As in The Square, Östlund gets better performances than he deserves, especially from the two young leads. Harris Dickinson is engaging and witty, from his light-switch changes of expression in the opening fashion shoot through to the pretzels incident and beyond. He does a fine job of showing Carl as basically both decent and weak. Vexed when Yaya and the crew member make eyes at each other, Carl reports the man to Paula. Next thing, he’s seen leaving the vessel and Carl looks rather appalled that he’s made this happen. It’s a real pity that Östlund doesn’t make use of Harris Dickinson’s charm and skill to make Carl the central consciousness of the whole story. Charlbi Dean impresses, too, and it’s a greater, tragic pity that this film turned out to her last: in late August this year Dean died, it seems from a lung infection, at the age of thirty-two. Triangle of Sadness benefits from, in addition to an able cast, classy music by Mikkel Maltha and Leslie Ming.

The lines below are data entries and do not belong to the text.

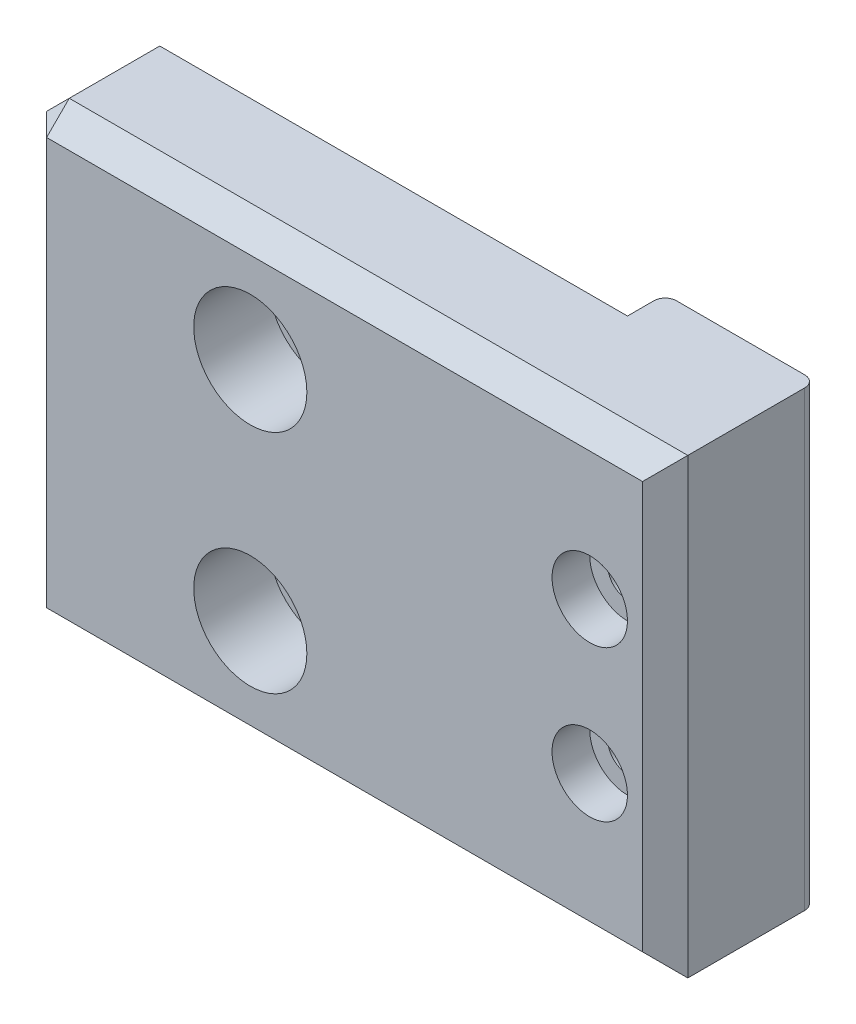
ISO-10303-21;
HEADER;
FILE_DESCRIPTION(('STEP AP214'),'2;1');
FILE_NAME('part.step','',(''),(''),'','','');
FILE_SCHEMA(('AUTOMOTIVE_DESIGN { 1 0 10303 214 1 1 1 1 }'));
ENDSEC;
DATA;
#1=APPLICATION_CONTEXT('core data for automotive mechanical design processes');
#2=APPLICATION_PROTOCOL_DEFINITION('international standard','automotive_design',2000,#1);
#3=PRODUCT_CONTEXT('',#1,'mechanical');
#4=PRODUCT('Part','Part','',(#3));
#5=PRODUCT_RELATED_PRODUCT_CATEGORY('part','',(#4));
#6=PRODUCT_DEFINITION_FORMATION('','',#4);
#7=PRODUCT_DEFINITION_CONTEXT('part definition',#1,'design');
#8=PRODUCT_DEFINITION('design','',#6,#7);
#9=PRODUCT_DEFINITION_SHAPE('','',#8);
#10=(LENGTH_UNIT() NAMED_UNIT(*) SI_UNIT(.MILLI.,.METRE.));
#11=(NAMED_UNIT(*) PLANE_ANGLE_UNIT() SI_UNIT($,.RADIAN.));
#12=(NAMED_UNIT(*) SI_UNIT($,.STERADIAN.) SOLID_ANGLE_UNIT());
#13=UNCERTAINTY_MEASURE_WITH_UNIT(LENGTH_MEASURE(1.E-05),#10,'distance_accuracy_value','');
#14=(GEOMETRIC_REPRESENTATION_CONTEXT(3) GLOBAL_UNCERTAINTY_ASSIGNED_CONTEXT((#13)) GLOBAL_UNIT_ASSIGNED_CONTEXT((#10,
#11,#12)) REPRESENTATION_CONTEXT('',''));
#15=CARTESIAN_POINT('',(0.,0.,0.));
#16=DIRECTION('',(0.,0.,1.));
#17=DIRECTION('',(1.,0.,0.));
#18=AXIS2_PLACEMENT_3D('',#15,#16,#17);
#19=CARTESIAN_POINT('',(-55.,15.,-5.));
#20=DIRECTION('',(0.,0.,1.));
#21=DIRECTION('',(1.,0.,0.));
#22=AXIS2_PLACEMENT_3D('',#19,#20,#21);
#23=CYLINDRICAL_SURFACE('',#22,4.1);
#24=CARTESIAN_POINT('',(-55.,15.,0.));
#25=DIRECTION('',(0.,0.,1.));
#26=DIRECTION('',(1.,0.,0.));
#27=AXIS2_PLACEMENT_3D('',#24,#25,#26);
#28=CIRCLE('',#27,4.1);
#29=CARTESIAN_POINT('',(-50.9,15.,0.));
#30=VERTEX_POINT('',#29);
#31=EDGE_CURVE('E218',#30,#30,#28,.T.);
#32=ORIENTED_EDGE('',*,*,#31,.F.);
#33=EDGE_LOOP('',(#32));
#34=FACE_BOUND('',#33,.T.);
#35=CARTESIAN_POINT('',(-55.,15.,5.));
#36=DIRECTION('',(0.,0.,1.));
#37=DIRECTION('',(1.,0.,0.));
#38=AXIS2_PLACEMENT_3D('',#35,#36,#37);
#39=CIRCLE('',#38,4.1);
#40=CARTESIAN_POINT('',(-50.9,15.,5.));
#41=VERTEX_POINT('',#40);
#42=EDGE_CURVE('E223',#41,#41,#39,.F.);
#43=ORIENTED_EDGE('',*,*,#42,.F.);
#44=EDGE_LOOP('',(#43));
#45=FACE_BOUND('',#44,.T.);
#46=ADVANCED_FACE('F41',(#34,#45),#23,.F.);
#47=CARTESIAN_POINT('',(-55.,45.,-5.));
#48=DIRECTION('',(0.,0.,1.));
#49=DIRECTION('',(1.,0.,0.));
#50=AXIS2_PLACEMENT_3D('',#47,#48,#49);
#51=CYLINDRICAL_SURFACE('',#50,4.1);
#52=CARTESIAN_POINT('',(-55.,45.,0.));
#53=DIRECTION('',(0.,0.,1.));
#54=DIRECTION('',(1.,0.,0.));
#55=AXIS2_PLACEMENT_3D('',#52,#53,#54);
#56=CIRCLE('',#55,4.1);
#57=CARTESIAN_POINT('',(-50.9,45.,0.));
#58=VERTEX_POINT('',#57);
#59=EDGE_CURVE('E222',#58,#58,#56,.T.);
#60=ORIENTED_EDGE('',*,*,#59,.F.);
#61=EDGE_LOOP('',(#60));
#62=FACE_BOUND('',#61,.T.);
#63=CARTESIAN_POINT('',(-55.,45.,5.));
#64=DIRECTION('',(0.,0.,1.));
#65=DIRECTION('',(1.,0.,0.));
#66=AXIS2_PLACEMENT_3D('',#63,#64,#65);
#67=CIRCLE('',#66,4.1);
#68=CARTESIAN_POINT('',(-50.9,45.,5.));
#69=VERTEX_POINT('',#68);
#70=EDGE_CURVE('E228',#69,#69,#67,.F.);
#71=ORIENTED_EDGE('',*,*,#70,.F.);
#72=EDGE_LOOP('',(#71));
#73=FACE_BOUND('',#72,.T.);
#74=ADVANCED_FACE('F379',(#62,#73),#51,.F.);
#75=CARTESIAN_POINT('',(-10.,20.,-5.));
#76=DIRECTION('',(0.,0.,1.));
#77=DIRECTION('',(1.,0.,0.));
#78=AXIS2_PLACEMENT_3D('',#75,#76,#77);
#79=CYLINDRICAL_SURFACE('',#78,2.6);
#80=CARTESIAN_POINT('',(-10.,20.,-5.));
#81=DIRECTION('',(0.,0.,1.));
#82=DIRECTION('',(1.,0.,0.));
#83=AXIS2_PLACEMENT_3D('',#80,#81,#82);
#84=CIRCLE('',#83,2.6);
#85=CARTESIAN_POINT('',(-7.4,20.,-5.));
#86=VERTEX_POINT('',#85);
#87=EDGE_CURVE('E192',#86,#86,#84,.T.);
#88=ORIENTED_EDGE('',*,*,#87,.F.);
#89=EDGE_LOOP('',(#88));
#90=FACE_BOUND('',#89,.T.);
#91=CARTESIAN_POINT('',(-10.,20.,10.));
#92=DIRECTION('',(0.,0.,1.));
#93=DIRECTION('',(1.,0.,0.));
#94=AXIS2_PLACEMENT_3D('',#91,#92,#93);
#95=CIRCLE('',#94,2.6);
#96=CARTESIAN_POINT('',(-7.4,20.,10.));
#97=VERTEX_POINT('',#96);
#98=EDGE_CURVE('E187',#97,#97,#95,.F.);
#99=ORIENTED_EDGE('',*,*,#98,.F.);
#100=EDGE_LOOP('',(#99));
#101=FACE_BOUND('',#100,.T.);
#102=ADVANCED_FACE('F385',(#90,#101),#79,.F.);
#103=CARTESIAN_POINT('',(-10.,40.,-5.));
#104=DIRECTION('',(0.,0.,1.));
#105=DIRECTION('',(1.,0.,0.));
#106=AXIS2_PLACEMENT_3D('',#103,#104,#105);
#107=CYLINDRICAL_SURFACE('',#106,2.6);
#108=CARTESIAN_POINT('',(-10.,40.,-5.));
#109=DIRECTION('',(0.,0.,1.));
#110=DIRECTION('',(1.,0.,0.));
#111=AXIS2_PLACEMENT_3D('',#108,#109,#110);
#112=CIRCLE('',#111,2.6);
#113=CARTESIAN_POINT('',(-7.4,40.,-5.));
#114=VERTEX_POINT('',#113);
#115=EDGE_CURVE('E161',#114,#114,#112,.T.);
#116=ORIENTED_EDGE('',*,*,#115,.F.);
#117=EDGE_LOOP('',(#116));
#118=FACE_BOUND('',#117,.T.);
#119=CARTESIAN_POINT('',(-10.,40.,10.));
#120=DIRECTION('',(0.,0.,1.));
#121=DIRECTION('',(1.,0.,0.));
#122=AXIS2_PLACEMENT_3D('',#119,#120,#121);
#123=CIRCLE('',#122,2.6);
#124=CARTESIAN_POINT('',(-7.4,40.,10.));
#125=VERTEX_POINT('',#124);
#126=EDGE_CURVE('E183',#125,#125,#123,.F.);
#127=ORIENTED_EDGE('',*,*,#126,.F.);
#128=EDGE_LOOP('',(#127));
#129=FACE_BOUND('',#128,.T.);
#130=ADVANCED_FACE('F406',(#118,#129),#107,.F.);
#131=CARTESIAN_POINT('',(-85.,0.,15.));
#132=DIRECTION('',(0.,1.,0.));
#133=DIRECTION('',(-1.,0.,0.));
#134=AXIS2_PLACEMENT_3D('',#131,#132,#133);
#135=PLANE('',#134);
#136=DIRECTION('',(-1.,0.,0.));
#137=VECTOR('',#136,1.);
#138=CARTESIAN_POINT('',(-85.,0.,12.));
#139=LINE('',#138,#137);
#140=CARTESIAN_POINT('',(0.,0.,12.));
#141=VERTEX_POINT('',#140);
#142=CARTESIAN_POINT('',(-82.,0.,12.));
#143=VERTEX_POINT('',#142);
#144=EDGE_CURVE('E256',#141,#143,#139,.T.);
#145=ORIENTED_EDGE('',*,*,#144,.T.);
#146=DIRECTION('',(0.,0.,-1.));
#147=VECTOR('',#146,1.);
#148=CARTESIAN_POINT('',(-82.,0.,15.));
#149=LINE('',#148,#147);
#150=CARTESIAN_POINT('',(-82.,0.,0.));
#151=VERTEX_POINT('',#150);
#152=EDGE_CURVE('E259',#143,#151,#149,.T.);
#153=ORIENTED_EDGE('',*,*,#152,.T.);
#154=DIRECTION('',(1.,0.,0.));
#155=VECTOR('',#154,1.);
#156=CARTESIAN_POINT('',(-85.,0.,0.));
#157=LINE('',#156,#155);
#158=CARTESIAN_POINT('',(-20.,0.,0.));
#159=VERTEX_POINT('',#158);
#160=EDGE_CURVE('E149',#151,#159,#157,.T.);
#161=ORIENTED_EDGE('',*,*,#160,.T.);
#162=DIRECTION('',(0.,0.,1.));
#163=VECTOR('',#162,1.);
#164=CARTESIAN_POINT('',(-20.,0.,-5.));
#165=LINE('',#164,#163);
#166=CARTESIAN_POINT('',(-20.,0.,-3.5));
#167=VERTEX_POINT('',#166);
#168=EDGE_CURVE('E150',#167,#159,#165,.T.);
#169=ORIENTED_EDGE('',*,*,#168,.F.);
#170=CARTESIAN_POINT('',(-18.5,0.,-3.5));
#171=DIRECTION('',(0.,1.,0.));
#172=DIRECTION('',(-1.,0.,0.));
#173=AXIS2_PLACEMENT_3D('',#170,#171,#172);
#174=CIRCLE('',#173,1.5);
#175=CARTESIAN_POINT('',(-18.5,0.,-5.));
#176=VERTEX_POINT('',#175);
#177=EDGE_CURVE('E199',#167,#176,#174,.F.);
#178=ORIENTED_EDGE('',*,*,#177,.T.);
#179=DIRECTION('',(1.,0.,0.));
#180=VECTOR('',#179,1.);
#181=CARTESIAN_POINT('',(-20.,0.,-5.));
#182=LINE('',#181,#180);
#183=CARTESIAN_POINT('',(-1.5,0.,-5.));
#184=VERTEX_POINT('',#183);
#185=EDGE_CURVE('E160',#176,#184,#182,.T.);
#186=ORIENTED_EDGE('',*,*,#185,.T.);
#187=CARTESIAN_POINT('',(-1.5,0.,-3.5));
#188=DIRECTION('',(0.,1.,0.));
#189=DIRECTION('',(-1.,0.,0.));
#190=AXIS2_PLACEMENT_3D('',#187,#188,#189);
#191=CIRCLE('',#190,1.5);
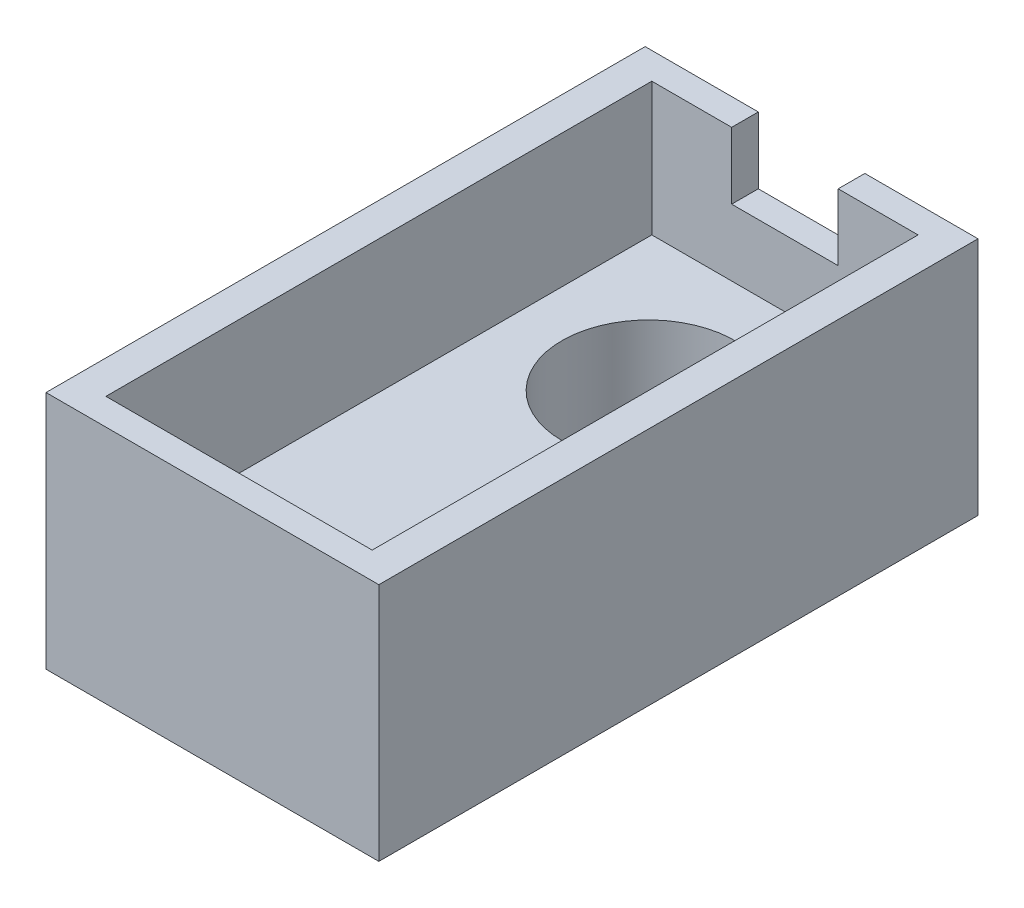
ISO-10303-21;
HEADER;
FILE_DESCRIPTION(('STEP AP214'),'2;1');
FILE_NAME('part.step','',(''),(''),'','','');
FILE_SCHEMA(('AUTOMOTIVE_DESIGN { 1 0 10303 214 1 1 1 1 }'));
ENDSEC;
DATA;
#1=APPLICATION_CONTEXT('core data for automotive mechanical design processes');
#2=APPLICATION_PROTOCOL_DEFINITION('international standard','automotive_design',2000,#1);
#3=PRODUCT_CONTEXT('',#1,'mechanical');
#4=PRODUCT('Part','Part','',(#3));
#5=PRODUCT_RELATED_PRODUCT_CATEGORY('part','',(#4));
#6=PRODUCT_DEFINITION_FORMATION('','',#4);
#7=PRODUCT_DEFINITION_CONTEXT('part definition',#1,'design');
#8=PRODUCT_DEFINITION('design','',#6,#7);
#9=PRODUCT_DEFINITION_SHAPE('','',#8);
#10=(LENGTH_UNIT() NAMED_UNIT(*) SI_UNIT(.MILLI.,.METRE.));
#11=(NAMED_UNIT(*) PLANE_ANGLE_UNIT() SI_UNIT($,.RADIAN.));
#12=(NAMED_UNIT(*) SI_UNIT($,.STERADIAN.) SOLID_ANGLE_UNIT());
#13=UNCERTAINTY_MEASURE_WITH_UNIT(LENGTH_MEASURE(1.E-05),#10,'distance_accuracy_value','');
#14=(GEOMETRIC_REPRESENTATION_CONTEXT(3) GLOBAL_UNCERTAINTY_ASSIGNED_CONTEXT((#13)) GLOBAL_UNIT_ASSIGNED_CONTEXT((#10,
#11,#12)) REPRESENTATION_CONTEXT('',''));
#15=CARTESIAN_POINT('',(0.,0.,0.));
#16=DIRECTION('',(0.,0.,1.));
#17=DIRECTION('',(1.,0.,0.));
#18=AXIS2_PLACEMENT_3D('',#15,#16,#17);
#19=CARTESIAN_POINT('',(12.5,-4.24264068711929,-32.75));
#20=DIRECTION('',(0.,1.,0.));
#21=DIRECTION('',(0.,0.,1.));
#22=AXIS2_PLACEMENT_3D('',#19,#20,#21);
#23=CYLINDRICAL_SURFACE('',#22,1.5);
#24=CARTESIAN_POINT('',(12.5,0.,-32.75));
#25=DIRECTION('',(0.,-1.,0.));
#26=DIRECTION('',(0.,0.,-1.));
#27=AXIS2_PLACEMENT_3D('',#24,#25,#26);
#28=CIRCLE('',#27,1.5);
#29=CARTESIAN_POINT('',(12.5,0.,-34.25));
#30=VERTEX_POINT('',#29);
#31=EDGE_CURVE('E189',#30,#30,#28,.F.);
#32=ORIENTED_EDGE('',*,*,#31,.F.);
#33=EDGE_LOOP('',(#32));
#34=FACE_BOUND('',#33,.T.);
#35=CARTESIAN_POINT('',(12.5,1.,-32.75));
#36=DIRECTION('',(0.,1.,0.));
#37=DIRECTION('',(0.,0.,1.));
#38=AXIS2_PLACEMENT_3D('',#35,#36,#37);
#39=CIRCLE('',#38,1.5);
#40=CARTESIAN_POINT('',(12.5,1.,-31.25));
#41=VERTEX_POINT('',#40);
#42=EDGE_CURVE('E39',#41,#41,#39,.F.);
#43=ORIENTED_EDGE('',*,*,#42,.F.);
#44=EDGE_LOOP('',(#43));
#45=FACE_BOUND('',#44,.T.);
#46=ADVANCED_FACE('F35',(#34,#45),#23,.F.);
#47=CARTESIAN_POINT('',(0.,13.,0.));
#48=DIRECTION('',(1.,0.,0.));
#49=DIRECTION('',(0.,0.,-1.));
#50=AXIS2_PLACEMENT_3D('',#47,#48,#49);
#51=PLANE('',#50);
#52=DIRECTION('',(0.,0.,1.));
#53=VECTOR('',#52,1.);
#54=CARTESIAN_POINT('',(0.,0.,0.));
#55=LINE('',#54,#53);
#56=CARTESIAN_POINT('',(0.,0.,-45.));
#57=VERTEX_POINT('',#56);
#58=CARTESIAN_POINT('',(0.,0.,0.));
#59=VERTEX_POINT('',#58);
#60=EDGE_CURVE('E210',#57,#59,#55,.T.);
#61=ORIENTED_EDGE('',*,*,#60,.T.);
#62=DIRECTION('',(0.,-1.,0.));
#63=VECTOR('',#62,1.);
#64=CARTESIAN_POINT('',(0.,13.,0.));
#65=LINE('',#64,#63);
#66=CARTESIAN_POINT('',(0.,18.,0.));
#67=VERTEX_POINT('',#66);
#68=EDGE_CURVE('E11',#67,#59,#65,.T.);
#69=ORIENTED_EDGE('',*,*,#68,.F.);
#70=DIRECTION('',(0.,0.,1.));
#71=VECTOR('',#70,1.);
#72=CARTESIAN_POINT('',(0.,18.,0.));
#73=LINE('',#72,#71);
#74=CARTESIAN_POINT('',(0.,18.,-45.));
#75=VERTEX_POINT('',#74);
#76=EDGE_CURVE('E146',#75,#67,#73,.T.);
#77=ORIENTED_EDGE('',*,*,#76,.F.);
#78=DIRECTION('',(0.,-1.,0.));
#79=VECTOR('',#78,1.);
#80=CARTESIAN_POINT('',(0.,13.,-45.));
#81=LINE('',#80,#79);
#82=EDGE_CURVE('E142',#75,#57,#81,.T.);
#83=ORIENTED_EDGE('',*,*,#82,.T.);
#84=EDGE_LOOP('',(#61,#69,#77,#83));
#85=FACE_BOUND('',#84,.T.);
#86=ADVANCED_FACE('F37',(#85),#51,.F.);
#87=CARTESIAN_POINT('',(0.,13.,0.));
#88=DIRECTION('',(0.,0.,-1.));
#89=DIRECTION('',(-1.,0.,0.));
#90=AXIS2_PLACEMENT_3D('',#87,#88,#89);
#91=PLANE('',#90);
#92=DIRECTION('',(1.,0.,0.));
#93=VECTOR('',#92,1.);
#94=CARTESIAN_POINT('',(0.,0.,0.));
#95=LINE('',#94,#93);
#96=CARTESIAN_POINT('',(25.,0.,0.));
#97=VERTEX_POINT('',#96);
#98=EDGE_CURVE('E220',#59,#97,#95,.T.);
#99=ORIENTED_EDGE('',*,*,#98,.T.);
#100=DIRECTION('',(0.,-1.,0.));
#101=VECTOR('',#100,1.);
#102=CARTESIAN_POINT('',(25.,13.,0.));
#103=LINE('',#102,#101);
#104=CARTESIAN_POINT('',(25.,18.,0.));
#105=VERTEX_POINT('',#104);
#106=EDGE_CURVE('E44',#105,#97,#103,.T.);
#107=ORIENTED_EDGE('',*,*,#106,.F.);
#108=DIRECTION('',(1.,0.,0.));
#109=VECTOR('',#108,1.);
#110=CARTESIAN_POINT('',(0.,18.,0.));
#111=LINE('',#110,#109);
#112=EDGE_CURVE('E159',#67,#105,#111,.T.);
#113=ORIENTED_EDGE('',*,*,#112,.F.);
#114=ORIENTED_EDGE('',*,*,#68,.T.);
#115=EDGE_LOOP('',(#99,#107,#113,#114));
#116=FACE_BOUND('',#115,.T.);
#117=ADVANCED_FACE('F239',(#116),#91,.F.);
#118=CARTESIAN_POINT('',(25.,13.,0.));
#119=DIRECTION('',(-1.,0.,0.));
#120=DIRECTION('',(0.,0.,1.));
#121=AXIS2_PLACEMENT_3D('',#118,#119,#120);
#122=PLANE('',#121);
#123=DIRECTION('',(0.,0.,-1.));
#124=VECTOR('',#123,1.);
#125=CARTESIAN_POINT('',(25.,0.,0.));
#126=LINE('',#125,#124);
#127=CARTESIAN_POINT('',(25.,0.,-45.));
#128=VERTEX_POINT('',#127);
#129=EDGE_CURVE('E222',#97,#128,#126,.T.);
#130=ORIENTED_EDGE('',*,*,#129,.T.);
#131=DIRECTION('',(0.,-1.,0.));
#132=VECTOR('',#131,1.);
#133=CARTESIAN_POINT('',(25.,13.,-45.));
#134=LINE('',#133,#132);
#135=CARTESIAN_POINT('',(25.,18.,-45.));
#136=VERTEX_POINT('',#135);
#137=EDGE_CURVE('E226',#136,#128,#134,.T.);
#138=ORIENTED_EDGE('',*,*,#137,.F.);
#139=DIRECTION('',(0.,0.,-1.));
#140=VECTOR('',#139,1.);
#141=CARTESIAN_POINT('',(25.,18.,0.));
#142=LINE('',#141,#140);
#143=EDGE_CURVE('E162',#105,#136,#142,.T.);
#144=ORIENTED_EDGE('',*,*,#143,.F.);
#145=ORIENTED_EDGE('',*,*,#106,.T.);
#146=EDGE_LOOP('',(#130,#138,#144,#145));
#147=FACE_BOUND('',#146,.T.);
#148=ADVANCED_FACE('F232',(#147),#122,.F.);
#149=CARTESIAN_POINT('',(0.,13.,-45.));
#150=DIRECTION('',(0.,0.,1.));
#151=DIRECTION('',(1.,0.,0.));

This is Östlund’s first English-language film although it seems he’s not too happy about that. In the production notes mentioned above, he explains that he’s ‘ambivalent about making films in English since I’m critical about the dominance of Anglo-Saxon culture. It’s absurd what kind of influence it has over Sweden and Scandinavia’. Let’s hope it’s a consolation to him that Triangle of Sadness has so far raked in $14.5 million at the international box office – a figure still below the production budget ($15.6m) but surely far in excess of what a film made in the director’s native Swedish might have taken. Ruben Östlund’s professed ambivalence on this has the ring of someone keen to make clear he wrestles with his conscience, less ready to acknowledge that he tends to win such bouts, as well as Palmes d’Or.